第20話 風呂場

 入学式が行われた日の宵の口。乙葉はその手に着替えを持って、実家の二階にある自室から下りてきていた。これから入浴に向かうのだが、その表情は少々硬い。これでもマシになってきた方なのだが、この時間だけは、どうしても思うところがある様子だった。


 普段着に身を包んでいる時は、何かに没頭していれば、今の性別を一時的にでも忘れることができる。反面、その全てを脱いでしまうと、否が応でも目の前に現実を突き付けられるのだ。だが、風呂に入らない訳にもいかないため、毎日なるべく手短に済ませていた。


「……自分の身体なんだから、慣れるしかないんだろうけど……」

 そうは言いつつも、全身を洗う時は、ほとんど目を閉じている。そのまま手探りでほぼ全ての作業を終えると、洗面所に戻って、すぐさま身体をバスタオルに包んでいた。


 目の前の鏡に映っているのは、長くなってしまった自分の髪の毛。まだ濡れたままの状態であるため、ドライヤーを使い、前よりも長い時間を掛けて一気に乾かす。次いで、すぐに部屋着へ着替えると、ほっとした様子で洗面所から出ていた。


 その直後——

「お……もう出たのか」

 廊下に実父の顔を発見する。

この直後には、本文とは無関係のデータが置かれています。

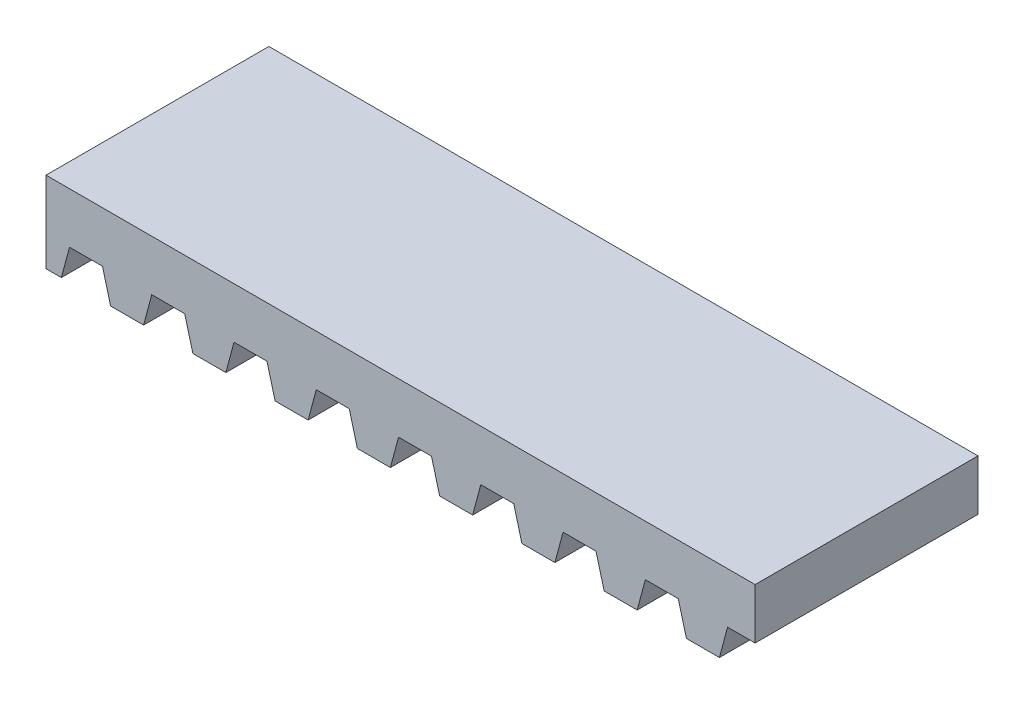
SolidWorks part; units mm, degrees
ref_plane "前基準面" through (0, 0, 0) normal (0, 0, 1) x (1, 0, 0)
ref_plane "上基準面" through (0, 0, 0) normal (0, 1, 0) x (1, 0, 0)
ref_plane "右基準面" through (0, 0, 0) normal (1, 0, 0) x (0, 0, -1)
sketch "草圖1" plane through (0, 0, 0) normal (0, 0, 1) x (1, 0, 0)
  line L1 (-32.2215, 9.8485) -> (37.7785, 9.8485)
  line L2 (-32.2215, 9.8485) -> (-32.2215, 4.8485)
  line L3 (-32.2215, 4.8485) -> (37.7785, 4.8485)
  line L4 (37.7785, 9.8485) -> (37.7785, 4.8485)
  dimension "D1" = 5
  dimension "D2" = 70
extrude "填料-伸長1" add sketch "草圖1" along normal blind 22
sketch "草圖2" plane through (0, 0, 22) normal (0, 0, 1) x (1, 0, 0)
  line L0 (-22.5851, 1.8485) -> (-21.7812, 4.8485)
  line L1 (-32.2215, 4.8485) -> (37.7785, 4.8485)
  line L2 (-32.2215, 4.8485) -> (-32.2215, 1.8485)
  line L3 (-32.2215, 1.8485) -> (37.7785, 1.8485)
  line L4 (37.7785, 4.8485) -> (37.7785, 1.8485)
  line L5 (-17.7242, 1.8485) -> (-18.5281, 4.8485)
  line L7 (-14.4651, 1.8485) -> (-13.6612, 4.8485)
  line L8 (-30.7051, 1.8485) -> (-29.9012, 4.8485)
  line L9 (-9.6042, 1.8485) -> (-10.4081, 4.8485)
  line L10 (-25.8442, 1.8485) -> (-26.6481, 4.8485)
  line L11 (-6.3451, 1.8485) -> (-5.5412, 4.8485)
  line L12 (-1.4842, 1.8485) -> (-2.2881, 4.8485)
  line L13 (1.7749, 1.8485) -> (2.5788, 4.8485)
  line L14 (6.6358, 1.8485) -> (5.8319, 4.8485)
  line L15 (9.8949, 1.8485) -> (10.6988, 4.8485)
  line L16 (14.7558, 1.8485) -> (13.9519, 4.8485)
  line L17 (18.0149, 1.8485) -> (18.8188, 4.8485)
  line L18 (22.8758, 1.8485) -> (22.0719, 4.8485)
  line L19 (26.1349, 1.8485) -> (26.9388, 4.8485)
  line L20 (30.9958, 1.8485) -> (30.1919, 4.8485)
  line L21 (34.2549, 1.8485) -> (35.0588, 4.8485)
  line L25 (42.3749, 1.8485) -> (43.1788, 4.8485) [skipped]
  line L26 (47.2358, 1.8485) -> (46.4319, 4.8485) [skipped]
  line L27 (39.1158, 1.8485) -> (38.3119, 4.8485) [skipped]
  line M12 (-32.2215, 4.8485) -> (37.7785, 4.8485)
  dimension "D1" = 70
  dimension "D2" = 3
  dimension "D3" = 10
extrude "填料-伸長2" add sketch "草圖2" against normal blind 10 contours L3 L8 L2 M12 | L10 L3 L0 M12 | L3 L7 L1 L5 | L3 L11 L1 L9 | L3 L13 L1 L12 | L3 L15 L1 L14 | L3 L17 L1 L16 | L3 L19 L1 L18 | L3 L21 L1 L20
sketch "草圖3" plane through (0, 0, 0) normal (0, 0, -1) x (-1, 0, 0)
  line L0 (32.2215, 4.8485) -> (-37.7785, 4.8485) construction
  line L1 (-37.7785, 4.8485) -> (-37.7785, 9.8485) construction
  line L2 (32.2215, 9.8485) -> (32.2215, 4.8485) construction
  circle A0 centre (-32.7785, 7.3485) radius 1.7
  circle A1 centre (-2.7785, 7.3485) radius 1.7
  circle A2 centre (27.2215, 7.3485) radius 1.7
  dimension "D7" = 3.4
  dimension "D8" = 3.4
  dimension "D9" = 3.4
  dimension "D1" = 2.5
  dimension "D2" = 2.5
  dimension "D3" = 2.5
  dimension "D4" = 5
  dimension "D5" = 5
  dimension "D6" = 30
extrude "除料-伸長1" cut sketch "草圖3" against normal blind 8
sketch "草圖5" plane through (-32.2215, 0, 0) normal (-1, 0, 0) x (0, 0, 1)
  line L0 (22, 9.8485) -> (22, 1.8485) construction
  line L1 (0, 9.8485) -> (0, 4.8485) construction
  line L2 (22, 9.8485) -> (0, 9.8485) construction
  circle A0 centre (10, 7.3485) radius 1.7
  circle A1 centre (18, 7.3485) radius 1.7
  dimension "D3" = 3.4
  dimension "D4" = 3.4
  dimension "D1" = 4
  dimension "D2" = 10
  dimension "D5" = 2.5
  dimension "D6" = 2.5
extrude "除料-伸長2" cut sketch "草圖5" against normal blind 8
equation "\"ㄓ\"=8.9282"
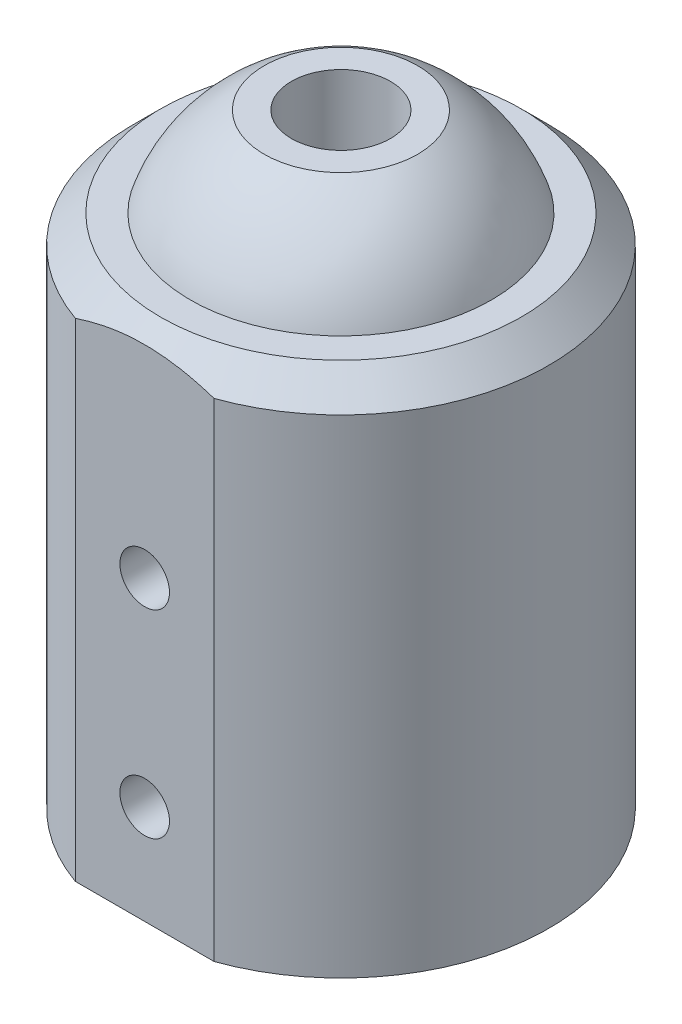
SolidWorks part; units mm, degrees
material "201 退火不锈钢 (SS)"
ref_plane "前视基准面" through (0, 0, 0) normal (0, 0, 1) x (1, 0, 0)
ref_plane "上视基准面" through (0, 0, 0) normal (0, 1, 0) x (1, 0, 0)
ref_plane "右视基准面" through (0, 0, 0) normal (1, 0, 0) x (0, 0, -1)
other "Configuration Table"
sketch "草图1" plane through (0, 0, 0) normal (0, 0, 1) x (1, 0, 0)
  line L0 (0, 33.5828) -> (0, -10.2614) construction
  line L1 (0, 0) -> (10.5, 0)
  line L4 (10.5, 0) -> (10.5, 24.5993)
  line L5 (10.5, 24.5993) -> (9.0993, 26)
  line L6 (9.0993, 26) -> (7.5993, 26)
  line L7 (0, 30.5) -> (3.873, 30.5)
  line L8 (0, 0) -> (0, 30.5)
  arc A1 (7.5993, 26) -> (3.873, 30.5) centre (0, 23.5) ccw
  dimension "D1" = 10.5
  dimension "D4" = 16
  dimension "D2" = 23.5
  dimension "D3" = 4.5
  dimension "D5" = 7
  dimension "D7" = 135
  dimension "D8" = 1.5
revolve "旋转1" add sketch "草图1" angle 360 about L0
sketch "草图2" plane through (0, 30.5, 0) normal (0, 1, 0) x (1, 0, 0)
  circle A0 centre (0, 0) radius 2.5
  dimension "D1" = 5
extrude "切除-拉伸1" cut sketch "草图2" against normal blind 5
cosmetic thread "装饰螺纹线1" parameters "D2"=6
sketch "草图3" plane through (0, 0, 0) normal (0, 1, 0) x (1, 0, 0)
  line L0 (-3.4986, -9.9) -> (3.4986, -9.9)
  circle A8 centre (0, 0) radius 10.5 construction
  circle A9 centre (0, 0) radius 2.5 construction
  arc A10 (-3.4986, -9.9) -> (3.4986, -9.9) centre (0, 0) ccw
  dimension "D1" = 9.9
extrude "切除-拉伸2" cut sketch "草图3" along normal blind 45
sketch "草图4" plane through (0, 0, 9.9) normal (0, 0, 1) x (1, 0, 0)
  line L0 (3.4986, 0) -> (-3.4986, 0) construction
  circle A0 centre (0, 5) radius 1.25
  circle A1 centre (0, 15) radius 1.25
  point P6 (0, 0)
  dimension "D1" = 2.5
  dimension "D2" = 2.5
  dimension "D3" = 5
  dimension "D4" = 10
extrude "切除-拉伸3" cut sketch "草图4" against normal blind 10

どうやら、そろそろ出てくる頃合いだと察知し、やってきたようだ。乙葉はそう理解してから、素直な言葉を口にしていた。


「……うん。いい湯加減だったよ」

「それは上々。お父さんも、すぐに入るとしようか」

 劉玄も自身の着替えを持っており、入れ替わりで風呂場に向かう。そのまま小部屋のドアを閉めようとしていると、そこで乙葉が思わず口を開いていた。


「でも……やっぱり、なんか気まずいよ」

「ん?」

「風呂は……一家の主である父さんが最初だって、昔から決まってたからね。なんか変な感じだよ」


 この殊勝な発言に、一方の劉玄が明言する。

「……それは仕方がない。年頃の娘は、お父さんのあとに入るのを嫌がるからな」

「いや、そんな余計な気を遣わなくてもいいんだけど?」

 乙葉が即座に本心を告げると、実父は必要以上に驚いていた。


「え? いいの?」

「いいって。本当は娘じゃないんだし。全力で知ってるでしょ?」

「えー……?」

「……なんで残念そうなんだ……」


 乙葉は意味が分からずに困惑している。そんな様子は劉玄も確認していたが、気にしないでさらに告げていた。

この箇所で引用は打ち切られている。